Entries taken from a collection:
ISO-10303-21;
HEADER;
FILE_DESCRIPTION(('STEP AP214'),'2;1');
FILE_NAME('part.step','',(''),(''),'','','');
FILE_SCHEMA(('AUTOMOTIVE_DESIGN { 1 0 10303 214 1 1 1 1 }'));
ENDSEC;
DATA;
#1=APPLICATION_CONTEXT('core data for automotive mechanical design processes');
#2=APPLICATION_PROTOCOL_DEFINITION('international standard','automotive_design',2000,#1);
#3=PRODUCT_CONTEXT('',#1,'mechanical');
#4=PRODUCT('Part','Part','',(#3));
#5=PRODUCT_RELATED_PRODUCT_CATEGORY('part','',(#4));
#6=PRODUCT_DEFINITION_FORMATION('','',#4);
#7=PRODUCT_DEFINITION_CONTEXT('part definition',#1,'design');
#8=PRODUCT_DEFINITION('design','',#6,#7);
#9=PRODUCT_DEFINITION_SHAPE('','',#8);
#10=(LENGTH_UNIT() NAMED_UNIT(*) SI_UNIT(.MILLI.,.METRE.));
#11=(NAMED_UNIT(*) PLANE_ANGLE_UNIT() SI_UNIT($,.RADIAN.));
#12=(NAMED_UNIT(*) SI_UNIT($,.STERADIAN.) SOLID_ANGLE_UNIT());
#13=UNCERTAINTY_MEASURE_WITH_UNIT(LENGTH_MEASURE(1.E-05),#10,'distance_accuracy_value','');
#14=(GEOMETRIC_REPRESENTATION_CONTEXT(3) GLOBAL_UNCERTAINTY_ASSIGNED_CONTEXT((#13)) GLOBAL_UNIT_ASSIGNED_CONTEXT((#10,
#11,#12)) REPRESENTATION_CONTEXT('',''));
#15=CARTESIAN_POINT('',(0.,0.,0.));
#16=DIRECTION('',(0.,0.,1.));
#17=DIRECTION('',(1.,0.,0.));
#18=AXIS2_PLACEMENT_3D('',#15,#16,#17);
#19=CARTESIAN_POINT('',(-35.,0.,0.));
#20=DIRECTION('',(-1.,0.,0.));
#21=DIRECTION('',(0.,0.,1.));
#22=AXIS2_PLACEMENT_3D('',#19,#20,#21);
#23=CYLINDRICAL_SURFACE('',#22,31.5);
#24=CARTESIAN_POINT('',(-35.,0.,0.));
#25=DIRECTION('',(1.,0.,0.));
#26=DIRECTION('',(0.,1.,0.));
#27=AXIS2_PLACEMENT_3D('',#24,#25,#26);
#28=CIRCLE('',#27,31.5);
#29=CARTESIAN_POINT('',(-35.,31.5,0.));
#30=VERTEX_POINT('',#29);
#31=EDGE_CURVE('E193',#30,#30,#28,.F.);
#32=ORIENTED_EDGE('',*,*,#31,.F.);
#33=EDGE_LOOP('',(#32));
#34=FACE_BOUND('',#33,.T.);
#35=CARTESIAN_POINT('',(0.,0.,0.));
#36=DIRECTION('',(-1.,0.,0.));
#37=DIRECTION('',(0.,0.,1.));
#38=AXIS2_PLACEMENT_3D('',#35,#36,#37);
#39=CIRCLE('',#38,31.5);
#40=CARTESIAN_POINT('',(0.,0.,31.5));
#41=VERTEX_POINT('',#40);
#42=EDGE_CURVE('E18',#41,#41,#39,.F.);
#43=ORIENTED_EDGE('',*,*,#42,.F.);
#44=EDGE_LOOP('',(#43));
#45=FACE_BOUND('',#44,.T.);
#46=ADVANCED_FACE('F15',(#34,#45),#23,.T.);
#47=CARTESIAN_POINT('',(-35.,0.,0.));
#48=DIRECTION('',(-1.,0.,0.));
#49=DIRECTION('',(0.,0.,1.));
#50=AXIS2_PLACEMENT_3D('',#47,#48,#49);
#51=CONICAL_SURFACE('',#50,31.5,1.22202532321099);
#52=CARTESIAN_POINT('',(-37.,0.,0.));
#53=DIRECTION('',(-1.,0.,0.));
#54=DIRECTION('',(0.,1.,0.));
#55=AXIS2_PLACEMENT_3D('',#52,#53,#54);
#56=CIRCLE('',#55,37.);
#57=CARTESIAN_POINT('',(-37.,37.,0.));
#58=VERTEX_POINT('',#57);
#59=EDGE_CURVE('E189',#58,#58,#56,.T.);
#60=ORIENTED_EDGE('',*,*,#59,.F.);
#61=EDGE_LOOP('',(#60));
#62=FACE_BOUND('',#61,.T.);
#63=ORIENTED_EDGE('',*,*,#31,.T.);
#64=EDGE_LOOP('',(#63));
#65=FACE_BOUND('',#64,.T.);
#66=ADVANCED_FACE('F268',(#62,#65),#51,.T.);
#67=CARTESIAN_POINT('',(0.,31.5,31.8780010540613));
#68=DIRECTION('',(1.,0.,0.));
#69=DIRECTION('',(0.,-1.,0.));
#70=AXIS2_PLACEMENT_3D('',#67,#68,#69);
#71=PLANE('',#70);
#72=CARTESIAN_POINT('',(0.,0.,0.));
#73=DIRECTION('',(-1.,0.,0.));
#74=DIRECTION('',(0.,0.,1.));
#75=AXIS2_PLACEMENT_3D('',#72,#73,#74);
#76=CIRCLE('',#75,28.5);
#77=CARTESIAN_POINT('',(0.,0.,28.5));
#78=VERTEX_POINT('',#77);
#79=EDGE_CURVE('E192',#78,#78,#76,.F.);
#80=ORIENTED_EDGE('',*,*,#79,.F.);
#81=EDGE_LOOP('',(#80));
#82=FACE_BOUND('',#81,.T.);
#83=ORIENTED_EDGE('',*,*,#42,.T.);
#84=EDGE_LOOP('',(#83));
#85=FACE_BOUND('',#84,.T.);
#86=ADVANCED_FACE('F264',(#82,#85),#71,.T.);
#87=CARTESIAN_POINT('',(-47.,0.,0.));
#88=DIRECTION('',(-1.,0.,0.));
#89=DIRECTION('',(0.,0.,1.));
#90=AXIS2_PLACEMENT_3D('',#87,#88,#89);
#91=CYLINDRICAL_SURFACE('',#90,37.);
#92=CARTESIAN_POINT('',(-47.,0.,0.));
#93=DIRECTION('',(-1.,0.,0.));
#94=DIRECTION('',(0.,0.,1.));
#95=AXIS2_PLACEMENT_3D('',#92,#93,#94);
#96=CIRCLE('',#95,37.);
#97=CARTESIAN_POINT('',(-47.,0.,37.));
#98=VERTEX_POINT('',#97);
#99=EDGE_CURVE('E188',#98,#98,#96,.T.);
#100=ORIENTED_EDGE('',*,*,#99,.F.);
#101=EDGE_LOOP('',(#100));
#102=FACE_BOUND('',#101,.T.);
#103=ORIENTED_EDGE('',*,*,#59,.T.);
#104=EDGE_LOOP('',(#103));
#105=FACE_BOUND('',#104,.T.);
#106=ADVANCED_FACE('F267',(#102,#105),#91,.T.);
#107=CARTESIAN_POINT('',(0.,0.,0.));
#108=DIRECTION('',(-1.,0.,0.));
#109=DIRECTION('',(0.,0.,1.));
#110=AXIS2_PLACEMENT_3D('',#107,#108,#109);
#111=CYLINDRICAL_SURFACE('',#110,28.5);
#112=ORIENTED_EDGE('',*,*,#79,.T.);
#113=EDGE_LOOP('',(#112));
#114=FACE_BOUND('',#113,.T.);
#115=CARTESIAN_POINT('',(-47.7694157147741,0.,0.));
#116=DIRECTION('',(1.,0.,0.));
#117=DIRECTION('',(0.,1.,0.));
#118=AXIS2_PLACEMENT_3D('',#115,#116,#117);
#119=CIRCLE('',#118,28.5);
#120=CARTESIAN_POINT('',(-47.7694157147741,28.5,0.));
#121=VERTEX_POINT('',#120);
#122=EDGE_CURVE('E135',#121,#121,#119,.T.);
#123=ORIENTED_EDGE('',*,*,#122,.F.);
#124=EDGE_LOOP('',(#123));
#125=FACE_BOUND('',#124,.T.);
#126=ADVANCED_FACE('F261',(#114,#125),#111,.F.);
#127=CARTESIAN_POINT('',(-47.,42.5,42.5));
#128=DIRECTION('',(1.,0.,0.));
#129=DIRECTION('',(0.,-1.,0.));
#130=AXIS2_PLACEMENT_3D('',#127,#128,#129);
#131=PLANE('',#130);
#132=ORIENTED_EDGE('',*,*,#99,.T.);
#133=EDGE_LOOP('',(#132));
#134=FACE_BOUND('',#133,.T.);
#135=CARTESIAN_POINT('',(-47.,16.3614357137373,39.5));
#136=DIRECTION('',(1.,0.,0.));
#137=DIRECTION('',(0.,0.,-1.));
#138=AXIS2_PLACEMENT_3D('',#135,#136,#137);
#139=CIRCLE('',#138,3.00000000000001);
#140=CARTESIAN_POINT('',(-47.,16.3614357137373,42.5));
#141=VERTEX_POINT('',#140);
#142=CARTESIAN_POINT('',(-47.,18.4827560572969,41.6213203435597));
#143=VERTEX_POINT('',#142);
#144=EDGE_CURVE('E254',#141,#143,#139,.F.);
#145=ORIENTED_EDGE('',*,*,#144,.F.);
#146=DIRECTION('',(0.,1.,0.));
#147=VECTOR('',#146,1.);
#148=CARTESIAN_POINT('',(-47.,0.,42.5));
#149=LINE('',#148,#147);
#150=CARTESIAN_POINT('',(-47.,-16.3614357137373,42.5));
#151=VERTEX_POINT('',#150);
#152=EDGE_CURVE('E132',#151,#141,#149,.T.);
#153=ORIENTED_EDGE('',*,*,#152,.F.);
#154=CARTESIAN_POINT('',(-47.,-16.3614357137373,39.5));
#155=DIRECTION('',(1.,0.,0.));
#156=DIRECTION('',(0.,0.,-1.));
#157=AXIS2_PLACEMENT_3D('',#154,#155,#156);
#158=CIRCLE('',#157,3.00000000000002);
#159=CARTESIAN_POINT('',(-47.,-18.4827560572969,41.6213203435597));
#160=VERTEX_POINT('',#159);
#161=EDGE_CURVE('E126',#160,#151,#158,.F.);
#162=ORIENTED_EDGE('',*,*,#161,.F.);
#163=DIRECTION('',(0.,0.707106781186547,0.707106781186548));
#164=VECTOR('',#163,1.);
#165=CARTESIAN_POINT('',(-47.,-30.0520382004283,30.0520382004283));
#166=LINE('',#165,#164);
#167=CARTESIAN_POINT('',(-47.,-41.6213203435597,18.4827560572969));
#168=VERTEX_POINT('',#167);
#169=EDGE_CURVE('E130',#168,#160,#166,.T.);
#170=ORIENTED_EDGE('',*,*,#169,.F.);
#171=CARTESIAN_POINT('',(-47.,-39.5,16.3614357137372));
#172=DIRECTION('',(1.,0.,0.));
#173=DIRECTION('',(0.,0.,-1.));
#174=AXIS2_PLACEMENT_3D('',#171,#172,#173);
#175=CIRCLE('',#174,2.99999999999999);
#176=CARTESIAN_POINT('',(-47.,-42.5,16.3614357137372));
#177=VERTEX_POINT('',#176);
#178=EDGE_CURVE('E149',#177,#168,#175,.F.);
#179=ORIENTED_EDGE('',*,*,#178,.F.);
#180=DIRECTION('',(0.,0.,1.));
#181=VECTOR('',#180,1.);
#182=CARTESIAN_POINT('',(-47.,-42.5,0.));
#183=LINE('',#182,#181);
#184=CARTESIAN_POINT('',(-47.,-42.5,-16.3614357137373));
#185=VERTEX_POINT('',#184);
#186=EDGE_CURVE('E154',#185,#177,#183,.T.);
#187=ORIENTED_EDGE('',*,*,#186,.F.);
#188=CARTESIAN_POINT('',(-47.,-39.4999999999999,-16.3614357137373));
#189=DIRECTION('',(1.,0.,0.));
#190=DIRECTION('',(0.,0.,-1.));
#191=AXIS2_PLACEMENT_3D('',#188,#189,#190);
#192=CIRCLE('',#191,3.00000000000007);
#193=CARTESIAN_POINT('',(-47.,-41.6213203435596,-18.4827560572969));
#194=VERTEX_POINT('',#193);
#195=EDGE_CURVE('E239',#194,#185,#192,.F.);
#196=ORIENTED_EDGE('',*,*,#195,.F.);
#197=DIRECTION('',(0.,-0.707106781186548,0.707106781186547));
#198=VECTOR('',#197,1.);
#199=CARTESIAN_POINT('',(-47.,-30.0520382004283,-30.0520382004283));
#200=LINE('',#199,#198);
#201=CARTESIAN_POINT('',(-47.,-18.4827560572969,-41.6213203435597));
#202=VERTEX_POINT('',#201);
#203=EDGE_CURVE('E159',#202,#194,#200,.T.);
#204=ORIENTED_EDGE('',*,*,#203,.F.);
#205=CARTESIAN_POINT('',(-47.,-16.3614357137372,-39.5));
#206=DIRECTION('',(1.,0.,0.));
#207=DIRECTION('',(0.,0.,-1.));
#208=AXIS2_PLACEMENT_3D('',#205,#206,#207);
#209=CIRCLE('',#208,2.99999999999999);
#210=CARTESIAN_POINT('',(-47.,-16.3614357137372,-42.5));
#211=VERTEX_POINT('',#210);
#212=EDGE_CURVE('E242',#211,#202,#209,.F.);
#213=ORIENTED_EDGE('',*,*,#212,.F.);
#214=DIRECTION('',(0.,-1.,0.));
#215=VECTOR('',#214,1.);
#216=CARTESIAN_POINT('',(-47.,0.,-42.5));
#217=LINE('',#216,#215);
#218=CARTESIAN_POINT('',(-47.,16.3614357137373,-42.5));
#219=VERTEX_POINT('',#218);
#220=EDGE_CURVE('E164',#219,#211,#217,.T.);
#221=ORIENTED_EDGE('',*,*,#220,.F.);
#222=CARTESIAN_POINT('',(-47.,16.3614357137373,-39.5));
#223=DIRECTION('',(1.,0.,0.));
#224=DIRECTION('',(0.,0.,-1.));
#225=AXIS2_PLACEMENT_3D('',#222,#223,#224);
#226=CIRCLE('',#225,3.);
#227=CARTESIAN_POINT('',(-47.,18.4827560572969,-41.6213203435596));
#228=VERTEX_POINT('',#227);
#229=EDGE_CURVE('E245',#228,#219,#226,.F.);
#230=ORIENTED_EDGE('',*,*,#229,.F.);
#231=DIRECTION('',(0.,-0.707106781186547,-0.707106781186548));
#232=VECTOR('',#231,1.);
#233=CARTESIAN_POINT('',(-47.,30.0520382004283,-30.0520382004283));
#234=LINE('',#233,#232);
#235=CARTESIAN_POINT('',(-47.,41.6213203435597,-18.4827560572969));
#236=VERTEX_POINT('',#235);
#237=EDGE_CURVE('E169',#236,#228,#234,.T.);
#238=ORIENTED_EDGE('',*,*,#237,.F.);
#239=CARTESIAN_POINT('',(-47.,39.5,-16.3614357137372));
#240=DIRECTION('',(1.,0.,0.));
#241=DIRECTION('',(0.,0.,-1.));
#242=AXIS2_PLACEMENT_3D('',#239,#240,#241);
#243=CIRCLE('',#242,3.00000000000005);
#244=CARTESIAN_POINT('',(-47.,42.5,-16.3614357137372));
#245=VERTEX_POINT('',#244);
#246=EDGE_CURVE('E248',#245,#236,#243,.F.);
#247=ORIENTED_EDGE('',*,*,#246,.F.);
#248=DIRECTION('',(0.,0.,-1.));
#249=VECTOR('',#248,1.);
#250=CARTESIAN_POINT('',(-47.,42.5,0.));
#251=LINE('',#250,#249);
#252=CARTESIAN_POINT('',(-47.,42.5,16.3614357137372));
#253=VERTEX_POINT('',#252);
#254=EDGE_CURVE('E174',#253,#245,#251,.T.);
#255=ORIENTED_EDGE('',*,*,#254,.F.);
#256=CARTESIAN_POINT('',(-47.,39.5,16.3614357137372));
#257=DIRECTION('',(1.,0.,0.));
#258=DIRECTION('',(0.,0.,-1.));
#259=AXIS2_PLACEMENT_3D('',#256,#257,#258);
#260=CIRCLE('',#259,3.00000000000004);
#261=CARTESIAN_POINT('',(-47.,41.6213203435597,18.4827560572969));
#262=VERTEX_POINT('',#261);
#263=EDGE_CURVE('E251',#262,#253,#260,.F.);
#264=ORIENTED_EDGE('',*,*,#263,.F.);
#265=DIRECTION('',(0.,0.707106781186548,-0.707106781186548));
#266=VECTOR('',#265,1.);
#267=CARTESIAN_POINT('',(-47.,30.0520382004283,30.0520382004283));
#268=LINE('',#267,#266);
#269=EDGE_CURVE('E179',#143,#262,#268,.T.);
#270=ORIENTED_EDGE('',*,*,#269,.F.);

__Task objective__
Each line of the entries above that contains "mechanical" must be copied into the answer.

__Problem solution__
#1=APPLICATION_CONTEXT('core data for automotive mechanical design processes');
#3=PRODUCT_CONTEXT('',#1,'mechanical');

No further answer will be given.